Each line in the records below, from the one that contains "UI -> C : PATCH" to the one that contains "R --> C : null", should be reproduced exactly, the first and last included.
─── Material for this task ───
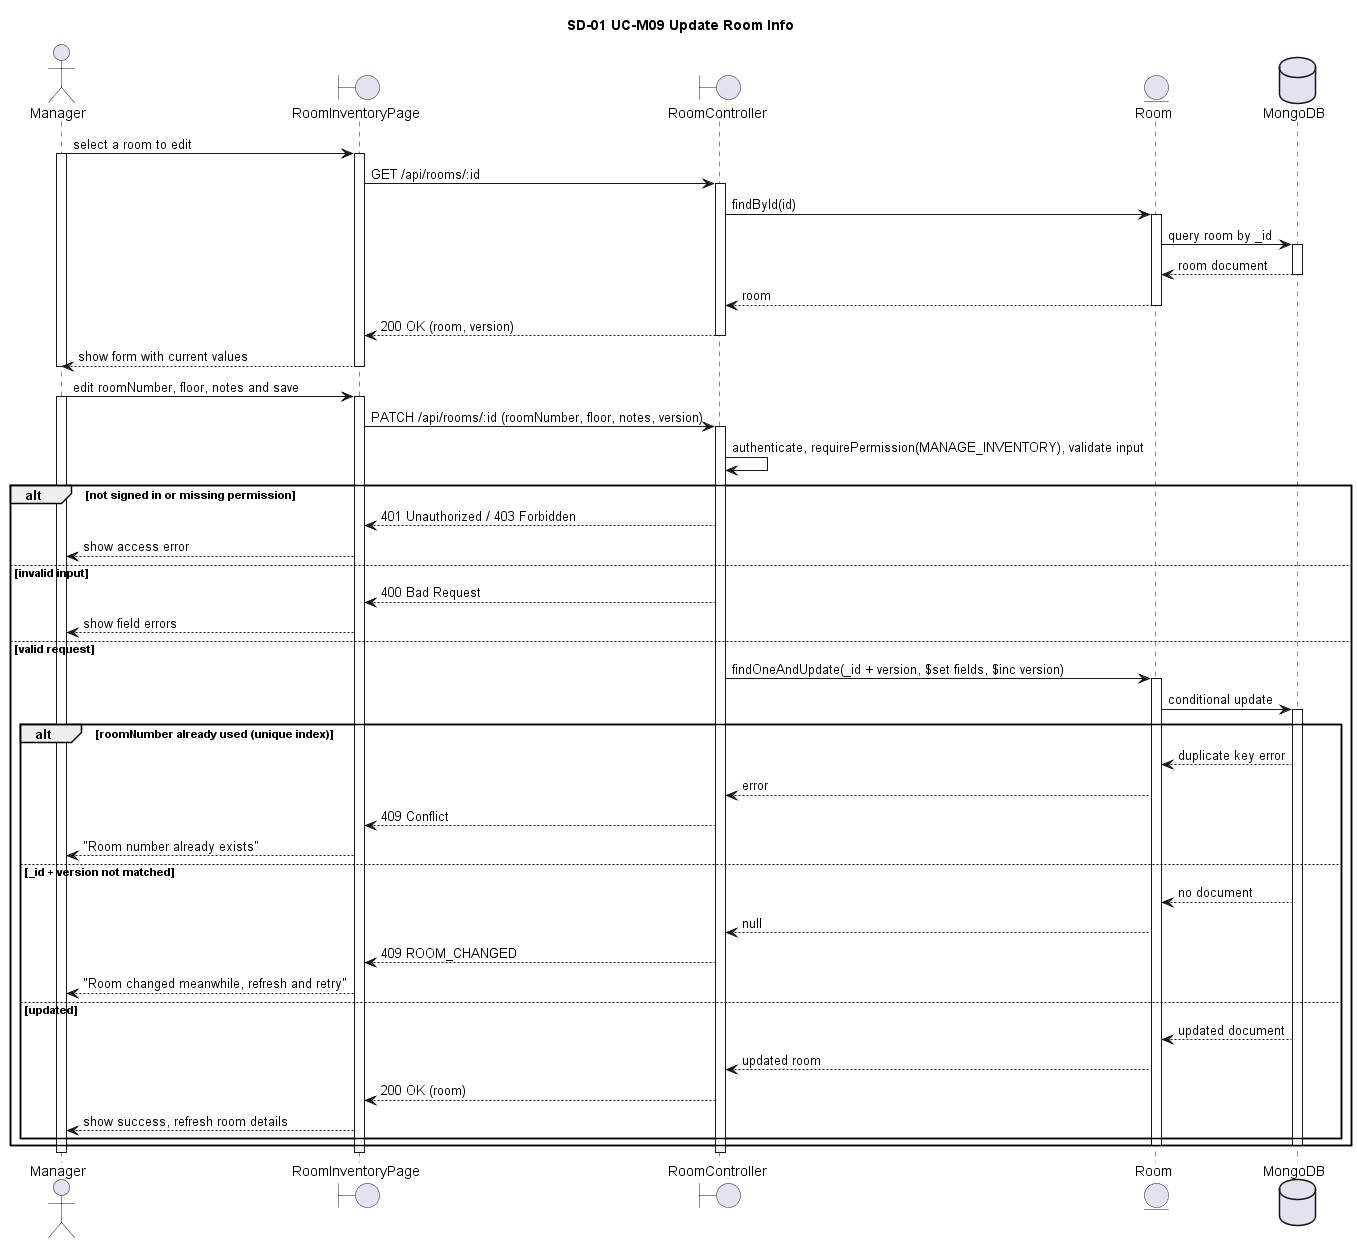

The diagram above was rendered by PlantUML. Its source (embedded in the PNG):
@startuml
title SD-01 UC-M09 Update Room Info

actor "Manager" as M
boundary "RoomInventoryPage" as UI
boundary "RoomController" as C
entity "Room" as R
database "MongoDB" as DB

M -> UI : select a room to edit
activate M
activate UI
UI -> C : GET /api/rooms/:id
activate C
C -> R : findById(id)
activate R
R -> DB : query room by _id
activate DB
DB --> R : room document
deactivate DB
R --> C : room
deactivate R
C --> UI : 200 OK (room, version)
deactivate C
UI --> M : show form with current values
deactivate UI
deactivate M

M -> UI : edit roomNumber, floor, notes and save
activate M
activate UI
UI -> C : PATCH /api/rooms/:id (roomNumber, floor, notes, version)
activate C
C -> C : authenticate, requirePermission(MANAGE_INVENTORY), validate input

alt not signed in or missing permission
    C --> UI : 401 Unauthorized / 403 Forbidden
    UI --> M : show access error
else invalid input
    C --> UI : 400 Bad Request
    UI --> M : show field errors
else valid request
    C -> R : findOneAndUpdate(_id + version, $set fields, $inc version)
    activate R
    R -> DB : conditional update
    activate DB
    alt roomNumber already used (unique index)
        DB --> R : duplicate key error
        R --> C : error
        C --> UI : 409 Conflict
        UI --> M : "Room number already exists"
    else _id + version not matched
        DB --> R : no document
        R --> C : null
        C --> UI : 409 ROOM_CHANGED
        UI --> M : "Room changed meanwhile, refresh and retry"
    else updated
        DB --> R : updated document
        R --> C : updated room
        C --> UI : 200 OK (room)
        UI --> M : show success, refresh room details
    end
    deactivate DB
    deactivate R
end

deactivate C
deactivate UI
deactivate M
@enduml
───
▶ _Completed task_
UI -> C : PATCH /api/rooms/:id (roomNumber, floor, notes, version)
activate C
C -> C : authenticate, requirePermission(MANAGE_INVENTORY), validate input

alt not signed in or missing permission
    C --> UI : 401 Unauthorized / 403 Forbidden
    UI --> M : show access error
else invalid input
    C --> UI : 400 Bad Request
    UI --> M : show field errors
else valid request
    C -> R : findOneAndUpdate(_id + version, $set fields, $inc version)
    activate R
    R -> DB : conditional update
    activate DB
    alt roomNumber already used (unique index)
        DB --> R : duplicate key error
        R --> C : error
        C --> UI : 409 Conflict
        UI --> M : "Room number already exists"
    else _id + version not matched
        DB --> R : no document
        R --> C : null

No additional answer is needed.